When you find the word "after" in a line of the entries, please copy the whole line.

(Records from a collection)
------------------------------------------------------------
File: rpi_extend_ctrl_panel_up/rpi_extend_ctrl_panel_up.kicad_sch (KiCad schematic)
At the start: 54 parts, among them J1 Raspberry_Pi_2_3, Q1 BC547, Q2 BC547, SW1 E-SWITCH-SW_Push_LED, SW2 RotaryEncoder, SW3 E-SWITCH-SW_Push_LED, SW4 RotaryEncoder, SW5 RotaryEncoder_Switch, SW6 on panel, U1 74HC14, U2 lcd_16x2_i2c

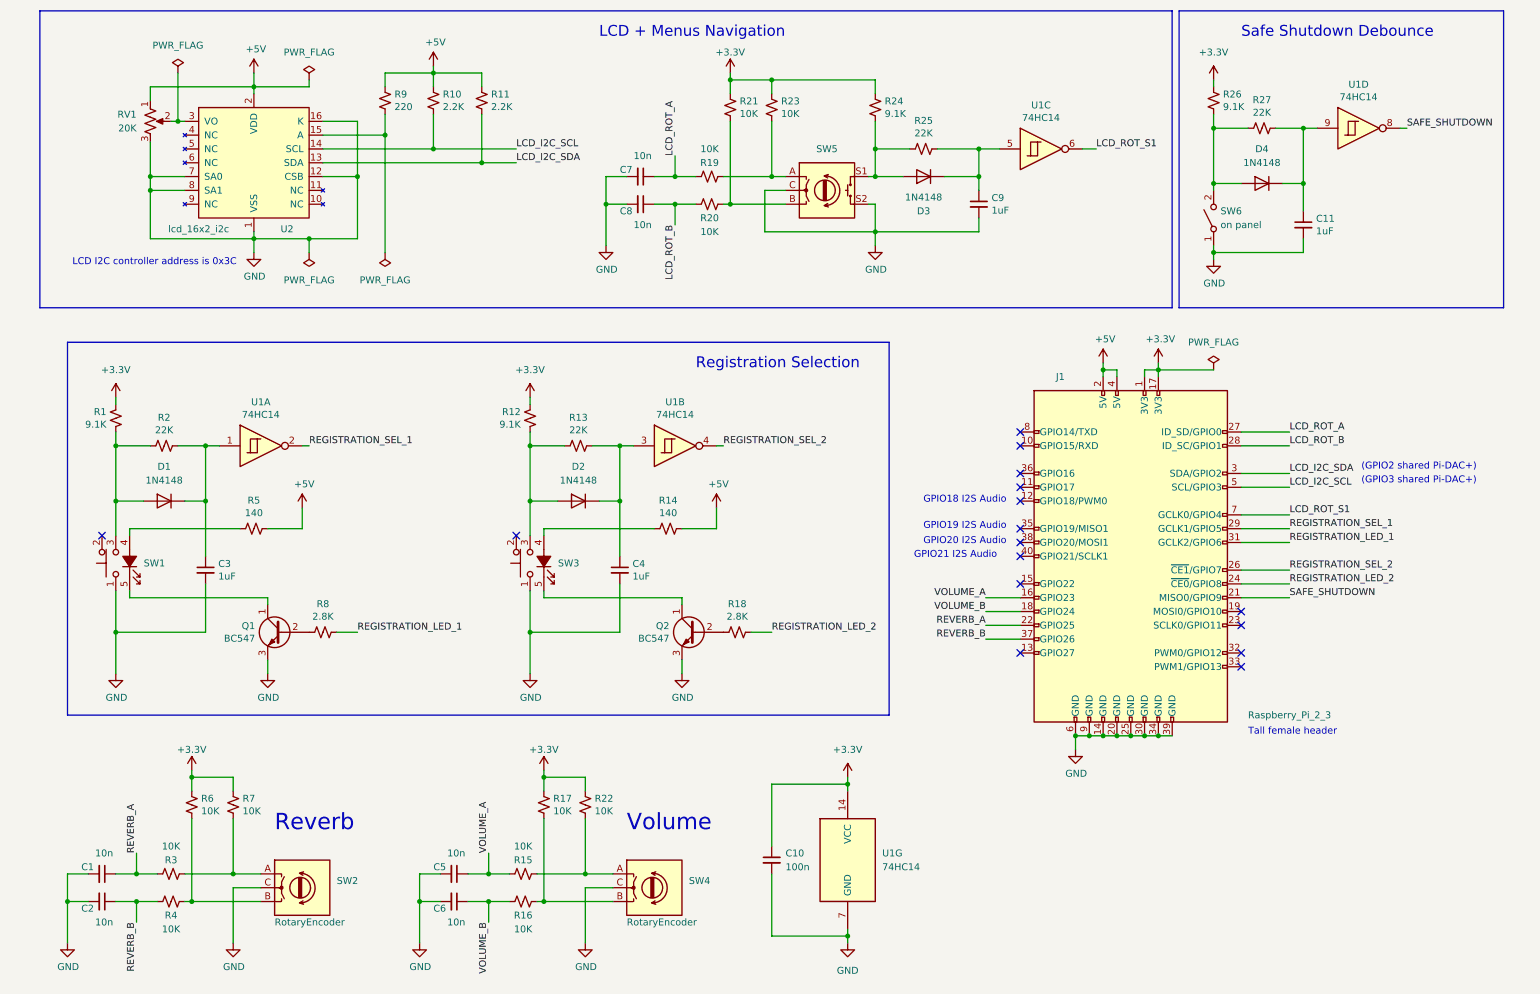
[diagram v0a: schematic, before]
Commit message: Rev 1.1: I2C pull-ups modified
SDA and SCL external pups (R10 and R11) discarded. Use Raspberry PI internal pups instead. Updating the PCB is not necessary.
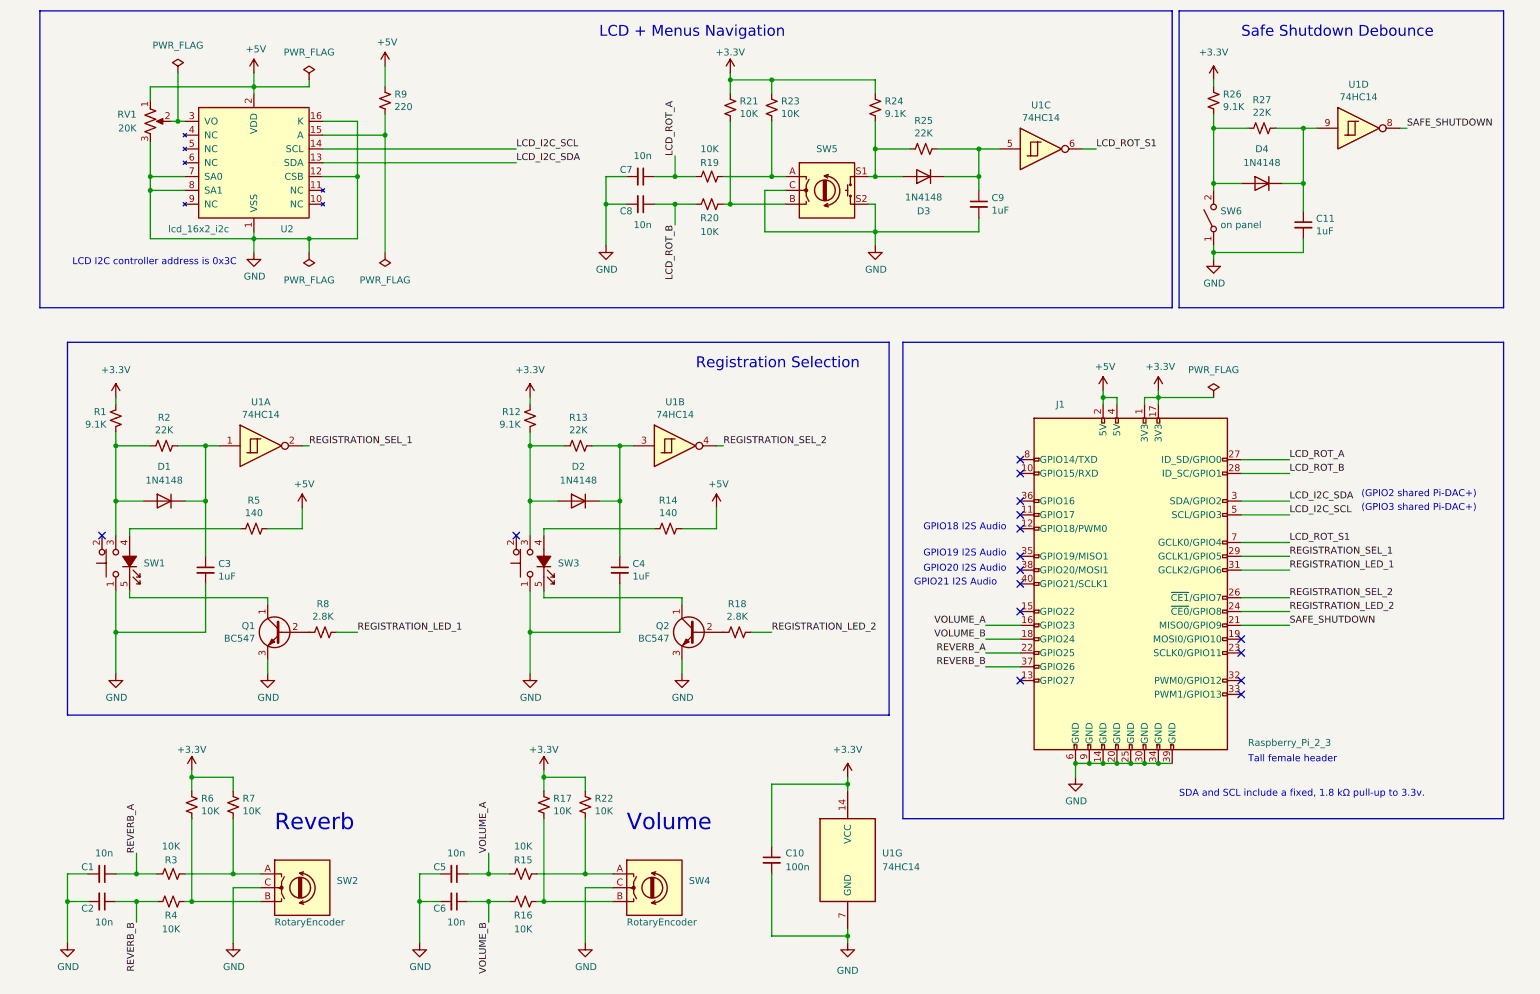
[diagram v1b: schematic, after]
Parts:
- removed R10, R11: 2.2K, Resistor_SMD:R_1206_3216Metric_Pad1.30x1.75mm_HandSolder, symbol Device:R_Small_US
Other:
- note added: "SDA and SCL include a fixed, 1.8 kΩ pull-up to 3.3v."
- moved on the sheet: J1

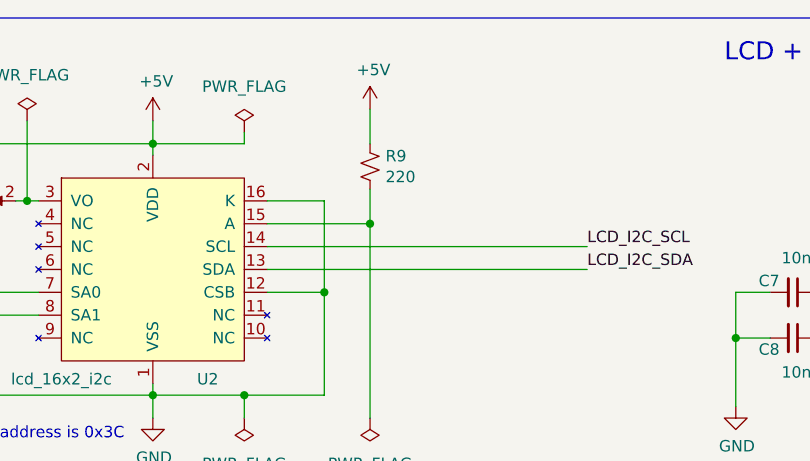
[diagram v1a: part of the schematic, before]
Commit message: Rev 1.1
I2C pull-ups discarded (use RPI I2C GPIO internal pull-ups). R9 value set to 51 Ohm.
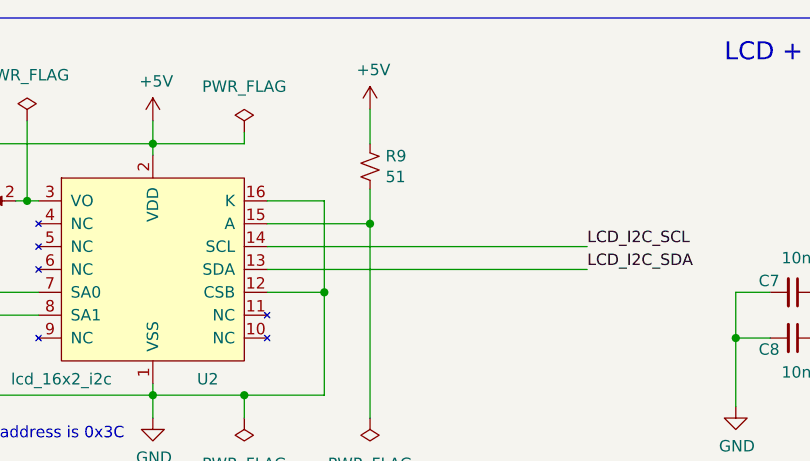
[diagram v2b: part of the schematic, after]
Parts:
- R9: value 220 -> 51
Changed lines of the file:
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@@
     (rev "1.1")
     (company "Picherie")
-    (comment 1 "Rev 1.1: SDA and SCL external pups (R10 and R11) discarded. Use Rpi internal pups instead.")
+    (comment 1 "SDA and SCL external pups (R10 and R11) discarded. Use Rpi internal pups instead.")
+    (comment 2 "R9 = 220 replaced with 51")
   )
   (junction (at 118.11 49.53) (diameter 0) (color 0 0 0 0)
@@
       (effects (font (size 1.27 1.27)) (justify left))
     )
-    (property "Value" "220" (id 1) (at 79.1972 31.623 0)
+    (property "Value" "51" (id 1) (at 79.1972 31.623 0)
       (effects (font (size 1.27 1.27)) (justify left))
     )
@@
     )
     (path "/00000000-0000-0000-0000-000061ba4973"
-      (reference "R9") (unit 1) (value "220") (footprint "Resistor_SMD:R_1206_3216Metric_Pad1.30x1.75mm_HandSolder")
+      (reference "R9") (unit 1) (value "51") (footprint "Resistor_SMD:R_1206_3216Metric_Pad1.30x1.75mm_HandSolder")
     )
     (path "/a9f36509-ce44-4e7e-bf3d-d4d8c7f2a8d8"

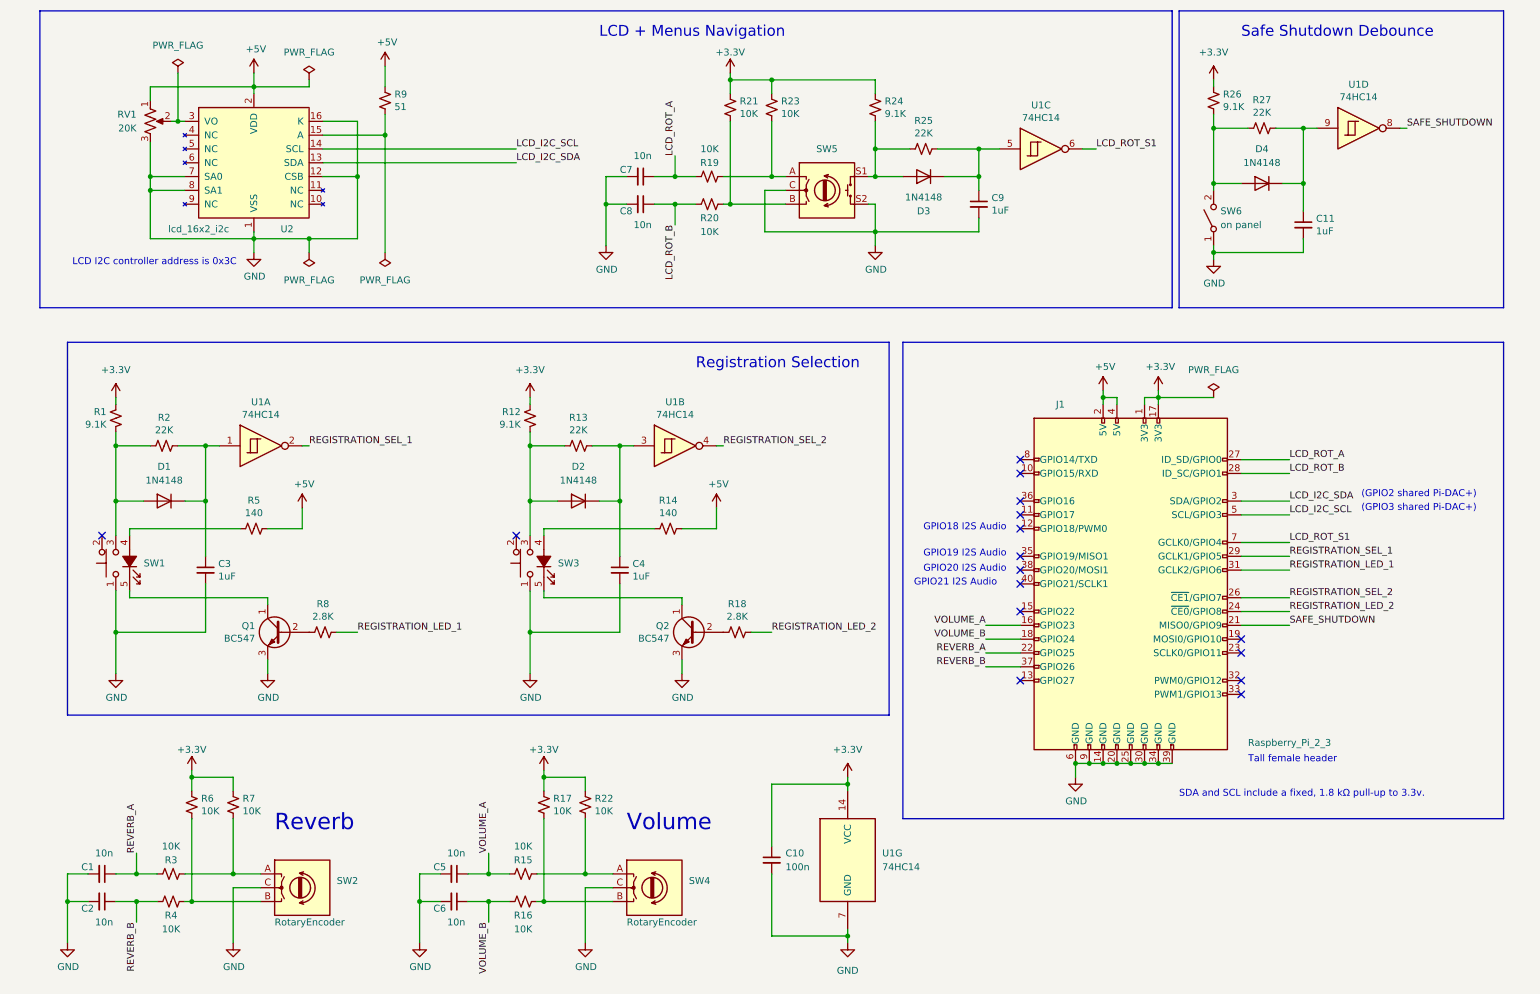
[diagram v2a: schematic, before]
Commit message: Rotary encoders debounce circuit simplified
V1.1
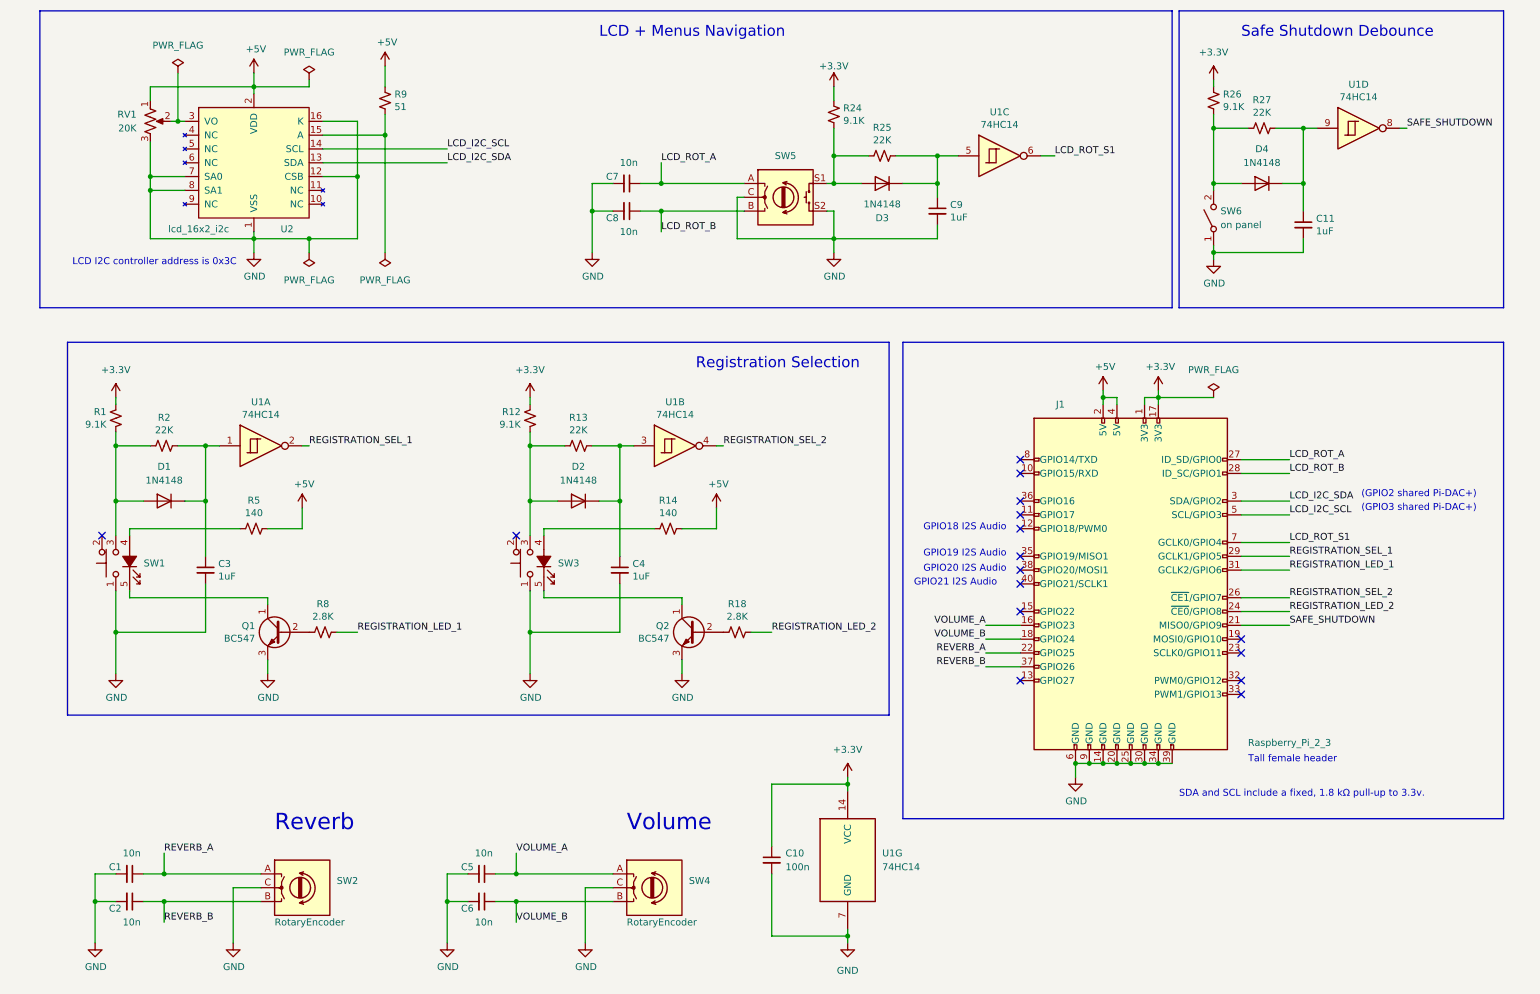
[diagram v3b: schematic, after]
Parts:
- removed R15, R16, R17, R19, R20, R21, R22, R23, R3, R4, R6, R7: 10K, Resistor_SMD:R_1206_3216Metric_Pad1.30x1.75mm_HandSolder, symbol Device:R_Small_US
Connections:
- net LCD_ROT_A: now also SW5.A
- net LCD_ROT_B: now also SW5.B
- net REVERB_A: now also SW2.A
- net REVERB_B: now also SW2.B
- net VOLUME_A: now also SW4.A
- net VOLUME_B: now also SW4.B
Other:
- moved on the sheet: C1, C2, C5, C6, C7, C8, C9, D3, R24, R25, SW5, U1C
------------------------------------------------------------
RESULT OF THE TASK
[diagram v1b: schematic, after]
[diagram v2b: part of the schematic, after]
[diagram v3b: schematic, after]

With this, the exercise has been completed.